To demonstrate the utility and applicability of the discussed procedure, we use data from the General Aptitude Test–Mathematics Part (GAT-M) that is developed and administered by the National Center for Assessment (NCA) in Saudi Arabia as a part of standardized large-scale assessments of high school graduates applying to Saudi colleges.

Specifically, the data come from the responses of 5,913 high school graduates on 12 dichotomously scored multiple-choice items on the GAT-M scales of Algebra (four items) and Comprehension (eight items). The participants are nested within 222 schools, treated here as random clusters, thus rendering a two-level hierarchical structure of the data. Using the procedure outlined earlier in this note, we are interested in this section in testing whether the constructs of Algebra and Comprehension are congruent in the context of this GAT-M data, that is, whether or not they may be seen for practical purposes as collapsing into a single construct.²

We thus commence by fitting the two-factor model to all p = 12 measures, with the algebra and comprehension constructs that are postulated in it only loading on the first 4 and on the last 8 of these items, respectively (using the weighted least squares method; e.g., Bollen, 1989; see first command file in the appendix). This yields the following goodness-of-fit indexes: chi-square = 204.928, degrees of freedom (df) = 53, root mean square error of approximation (RMSEA) = .022, with a 90% confidence interval (CI) of (.019, .025). These results can be considered indicative of a tenable model (e.g., Browne & Cudeck, 1993). We can therefore conclude that these findings suggest the two-factor model as plausible for the analyzed data set.

Fitting next the alternative single-factor model of relevance here, for all 12 items of the two domains under consideration, similarly leads to the following tenable goodness-of-fit indexes: chi-square = 206.438, df = 54, RMSEA = .022 (.019, .025) (see second command file in the appendix). These results suggest the plausibility of the hypothesis that a single construct underlies the analyzed 12 binary items.

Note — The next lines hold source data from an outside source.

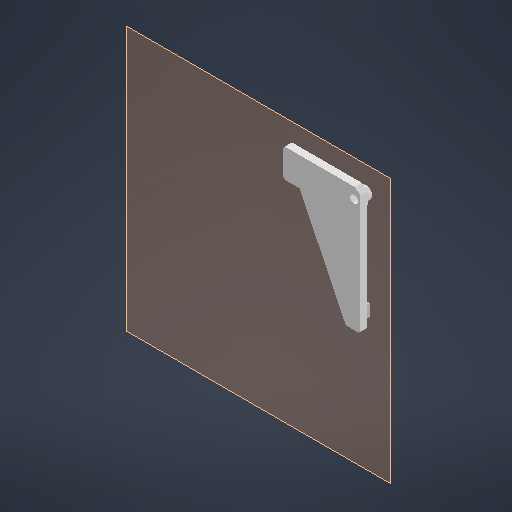
# Autodesk Inventor part: SnapHolder
Saved by Autodesk Inventor 2026.1 (Build 301233020, 233B)
## iProperties
Created: 2026-04-22
Part Number: SnapHolder
Material: Generic
Document SubType Name: Modeling
Designer: Mikke
Density: 1 g/cm^3
Appearance: Default
Author: Mikke
Autodesk Inventor part; units mm, degrees
ref_plane "YZ Plane" through (0, 0, 0) normal (1, 0, 0) x (0, 1, 0)
ref_plane "XZ Plane" through (0, 0, 0) normal (0, 1, 0) x (-1, 0, 0)
ref_plane "XY Plane" through (0, 0, 0) normal (0, 0, 1) x (1, 0, 0)
ref_plane "Work Plane1" through (0, 0, 0) normal (0, 0, 1) x (1, 0, 0)
sketch "Sketch1" plane through (0, 0, 0) normal (0, 0, 1) x (1, 0, 0)
  line L0 (104.1946, -29.0122) -> (104.1946, -34.0122) projected
  line L1 (107.1946, -29.0122) -> (104.1946, -29.0122) projected
  line L2 (107.1946, -34.0122) -> (107.1946, -29.0122) projected
  line L3 (104.1946, -34.0122) -> (107.1946, -34.0122) projected
  line L4 (126.4446, -68.7622) -> (123.4446, -68.7622) projected
  line L5 (123.4446, -68.7622) -> (123.4446, -73.7622) projected
  line L6 (126.4446, -73.7622) -> (126.4446, -68.7622) projected
  line L7 (123.4446, -73.7622) -> (126.4446, -73.7622) projected
  point P0 (0, 0)
extrude "Extrusion1" add sketch "Sketch1" along normal blind 2
sketch "Sketch2" plane through (126.4446, -73.7622, 0) normal (1, 0, 0) x (0, 0, -1)
  line L0 (0, 0) -> (0, 5) projected
  line L1 (0, 5) -> (-2, 5) projected
  line L2 (-2, 0) -> (-2, 5) projected
  line L3 (0, 0) -> (-2, 0) projected
  point P0 (0, 73.7622)
extrude "Extrusion2" cut sketch "Sketch2" against normal blind 1
sketch "Sketch3" plane through (107.1946, -34.0122, 0) normal (1, 0, 0) x (0, 0, -1)
  line L0 (0, 0) -> (0, 5) projected
  line L1 (0, 5) -> (-2, 5) projected
  line L2 (-2, 0) -> (-2, 5) projected
  line L3 (0, 0) -> (-2, 0) projected
  point P0 (0, 34.0122)
extrude "Extrusion3" cut sketch "Sketch3" against normal blind 1
sketch "Sketch4" plane through (0, 0, 0) normal (0, 0, -1) x (-1, 0, 0)
  line L0 (-125.4446, -68.7622) -> (-125.4446, -73.7622) projected
  line L1 (-123.4446, -73.7622) -> (-125.4446, -73.7622) projected
  line L2 (-123.4446, -68.7622) -> (-123.4446, -73.7622) projected
  line L3 (-125.4446, -68.7622) -> (-123.4446, -68.7622) projected
  line L4 (-106.1946, -29.0122) -> (-106.1946, -34.0122) projected
  line L5 (-104.1946, -34.0122) -> (-106.1946, -34.0122) projected
  line L6 (-104.1946, -29.0122) -> (-104.1946, -34.0122) projected
  line L7 (-106.1946, -29.0122) -> (-104.1946, -29.0122) projected
  point P0 (0, 0)
extrude "Extrusion4" add sketch "Sketch4" along normal blind 3.1
sketch "Sketch5" plane through (123.4446, -73.7622, 2) normal (-1, 0, 0) x (0, 0, 1)
  line L0 (-5.1558, 5) -> (-5.1558, 0) projected
  line L1 (-5.1, 0) -> (-5.1, 5) projected
  line L2 (0, 5) -> (-5.1, 5) projected
  line L3 (-5.1, 0) -> (0, 0) projected
  line L4 (-3.5558, 5) -> (-3.5558, 0) projected
  point P0 (-2, 73.7622)
extrude "Extrusion5" add sketch "Sketch5" along normal blind 0.9
sketch "Sketch6" plane through (104.1946, -34.0122, 2) normal (-1, 0, 0) x (0, 0, 1)
  line L0 (-5.1558, 5) -> (-5.1558, 0) projected
  line L1 (-5.1, 0) -> (-5.1, 5) projected
  line L2 (0, 0) -> (-5.1, 0) projected
  line L3 (-5.1, 5) -> (0, 5) projected
  line L4 (-5.1558, 5) -> (-5.1558, 0) projected
  line L5 (-3.5558, 5) -> (-3.5558, 0) projected
  point P0 (-2, 34.0122)
extrude "Extrusion6" add sketch "Sketch6" along normal blind 0.9
chamfer "Chamfer1" distance 1 angle 45 2 edges at (122.5446, -71.2622, -3.1) (103.2946, -31.5122, -3.1)
sketch "Sketch7" plane through (0, 0, 2) normal (0, 0, 1) x (1, 0, 0)
  line L0 (125.4446, -73.7622) -> (125.4446, -68.7622) projected
  line L1 (125.4446, -68.7622) -> (123.4446, -68.7622) projected
  line L2 (123.4446, -68.7622) -> (123.4446, -73.7622) projected
  line L3 (123.4446, -73.7622) -> (125.4446, -73.7622) projected
  line L4 (106.1946, -34.0122) -> (106.1946, -29.0122) projected
  line L5 (106.1946, -29.0122) -> (104.1946, -29.0122) projected
  line L6 (104.1946, -29.0122) -> (104.1946, -34.0122) projected
  line L7 (104.1946, -34.0122) -> (106.1946, -34.0122) projected
  line L8 (123.4446, -73.7622) -> (104.1946, -34.0122)
  line L9 (125.4446, -73.7622) -> (129.4446, -73.7622)
  line L10 (129.4446, -73.7622) -> (129.4446, -23.7622)
  line L11 (129.4446, -23.7622) -> (127.1946, -22.0122)
  line L12 (127.1946, -22.0122) -> (104.1946, -22.0122)
  line L13 (104.1946, -22.0122) -> (104.1946, -29.0122)
  circle A0 centre (126.8952, -26.4793) radius 1.25 projected
  circle A1 centre (126.8952, -26.4793) radius 1.65
  point P0 (0, 0)
  dimension "d15" = 4
  dimension "d16" = 50
  dimension "d17" = 7
  dimension "d18" = 23
  dimension "d21" = 0.4
  constraints: 12 end point, 1 centre point, 1 collinear, 1 horizontal, 1 parallel, 1 perpendicular
  measures "d15" distance of L0.start L9.end
  measures "d16" distance of L9.end L10.end
  measures "d17" distance of L12.end L5.end
  measures "d18" distance of L11.end L12.end
  measures "d21" radial gap between concentric circles of A0 A1
extrude "Extrusion7" add sketch "Sketch7" along normal blind 3 contours L3 L2 L1 L0 | L0 L1 L2 L8 L7 L4 L5 L13 L12 L11 L10 L9 | L6 L5 L4 L7
sketch "Sketch8" plane through (0, 0, 2) normal (0, 0, -1) x (-1, 0, 0)
  circle A0 centre (-126.8952, -26.4793) radius 1.65 projected
  circle A1 centre (-126.8952, -26.4793) radius 2.5529
  point P0 (0, 0)
  constraints: 1 centre point
extrude "Extrusion8" add sketch "Sketch8" along normal blind 2
fillet "Fillet1" radius 1 8 edges at (123.4446, -71.2622, 2) (125.4446, -71.2622, 2) (105.1946, -34.0122, 2) (106.1946, -31.5122, 2) (105.1946, -29.0122, 2) (126.8283, -23.9273, 2) (126.8283, -29.0314, 2) (124.4446, -68.7622, 2)
fillet "Fillet2" radius 1 3 edges at (129.4446, -73.7622, 3.5) (129.4446, -23.7622, 3.5) (127.1946, -22.0122, 3.5)
sketch "Sketch9" plane through (104.1946, -34.0122, -1.5558) normal (-1, 0, 0) x (0, 0, 1)
  line L0 (0, 5) -> (0, 0) projected
  line L1 (2.5558, 0) -> (0, 0) projected
  line L2 (6.5558, 0) -> (2.5558, 0) projected
  line L3 (6.5558, 12) -> (6.5558, 0) projected
  line L4 (3.5558, 12) -> (6.5558, 12) projected
  line L5 (3.5558, 12) -> (3.5558, 6) projected
  arc A0 (2.5558, 5) -> (3.5558, 6) centre (2.5558, 6) ccw projected
  line L6 (0, 5) -> (2.5558, 5) projected
  line L7 (6.5558, 0) -> (2.5558, 0) projected
  line L8 (6.5558, 12) -> (3.5558, 12)
  line L9 (3.5558, 12) -> (3.5558, 0)
  line L10 (3.5558, 0) -> (6.5558, 0)
  line L11 (6.5558, 0) -> (6.5558, 12)
  point P0 (1.5558, 34.0122)
  constraints: 8 end point, 2 parallel, 1 horizontal, 1 perpendicular, 1 point on line
extrude "Extrusion9" add sketch "Sketch9" along normal blind 6.7625 contours L5 L4 L3 L2 L9
fillet "Fillet3" radius 1 3 edges at (104.1946, -31.0122, 2) (97.4321, -34.0122, 3.5) (97.4321, -22.0122, 3.5)
body "Solid1"
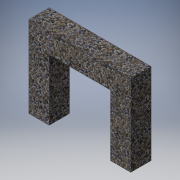
# Autodesk Inventor part: RailsMini2
Saved by Autodesk Inventor 2016 (Build 200138000, 138)
## iProperties
Created: 2015-08-17
Part Number: RailsMini2
Material: Concrete
Document SubType Name: Modeling
Designer: myhome
Mass: 26480.4 g
Surface Area: 4600 cm^2
Volume: 11000 cm^3
Density: 2.40731 g/cm^3
Appearance: Exposed Aggregate - Coarse
Author: myhome
Autodesk Inventor part; units mm, degrees
ref_plane "YZ Plane" through (0, 0, 0) normal (1, 0, 0) x (0, 1, 0)
ref_plane "XZ Plane" through (0, 0, 0) normal (0, 1, 0) x (-1, 0, 0)
ref_plane "XY Plane" through (0, 0, 0) normal (0, 0, 1) x (1, 0, 0)
sketch "Sketch1" plane through (0, 0, 0) normal (0, 0, 1) x (1, 0, 0)
  line L0 (0, 0) -> (100, 0)
  line L1 (0, 0) -> (0, 400)
  line L2 (0, 400) -> (500, 400)
  line L3 (500, 400) -> (500, 0)
  line L4 (500, 0) -> (400, 0)
  line L5 (400, 0) -> (400, 300)
  line L6 (400, 300) -> (100, 300)
  line L7 (100, 300) -> (100, 0)
  dimension "d0" = 100
  dimension "d1" = 400
  dimension "d2" = 500
  dimension "d3" = 400
  dimension "d4" = 100
  dimension "d5" = 300
  dimension "d6" = 300
  dimension "d7" = 300
  constraints: 16 end point, 5 perpendicular, 1 horizontal, 1 vertical
  measures "d0" distance of L0.start L0.end
  measures "d1" distance of L0.start L1.end
  measures "d2" distance of L1.end L2.end
  measures "d3" distance of L2.end L3.end
  measures "d4" distance of L3.end L4.end
  measures "d5" distance of L4.end L5.end
  measures "d6" distance of L5.end L6.end
  measures "d7" distance of L6.end L0.end
extrude "Extrusion1" add sketch "Sketch1" against normal blind 100
body "Solid1"

To complete the application of the LVM procedure for examining construct congruence discussed in this note, we conduct the associated likelihood ratio test of the null hypothesis H₀: ρ = 1, for the correlation ρ of the two factors in the first fitted model (this test statistic is contained in the output of the nested model, i.e., the single-factor model, obtained with the second Mplus command file in the appendix). Accordingly, the test statistic of the null hypothesis (H₀) is 1.479, df = 1, p = .224. We stress thereby that under the null hypothesis being tested the fixed correlation parameter is at the boundary of the parameter space (e.g., Raykov et al., 2015). Hence, the relevant p value for testing H₀ is p* = .112 and thus not significant (e.g., Rabe-Hesketh & Skrondal, 2012). We therefore cannot reject but rather consider as retainable the null hypothesis H₀, which as indicated before is equivalent to that of construct congruence, that is, to the statement of q = 1 factor underlying all p = 12 measures under consideration (see also Note 2).

Conclusion

This note extended the latent variable modeling procedure for construct congruence testing outlined in Raykov et al. (2015) to the case of binary items and nesting effects. With the present extension, a researcher can test whether two or more latent constructs evaluated by corresponding unidimensional multicomponent instruments or tests with distinct items can be considered effectively collapsing in empirical terms. These concerns can arise in scale construction and development studies, as well as in instrument, test, or construct validation investigations. The method is readily utilized with popular statistical software, and is directly applicable with incomplete data sets under the missing completely at random assumption (e.g., Enders, 2010). Furthermore, the procedure is straightforwardly applicable with highly discrete items that have say up to five to seven possible response options (values in the analyzed sample data set; for the case with more options, it may be recommendable to use the procedure in Raykov et al., 2015, employing the robust maximum likelihood estimation method).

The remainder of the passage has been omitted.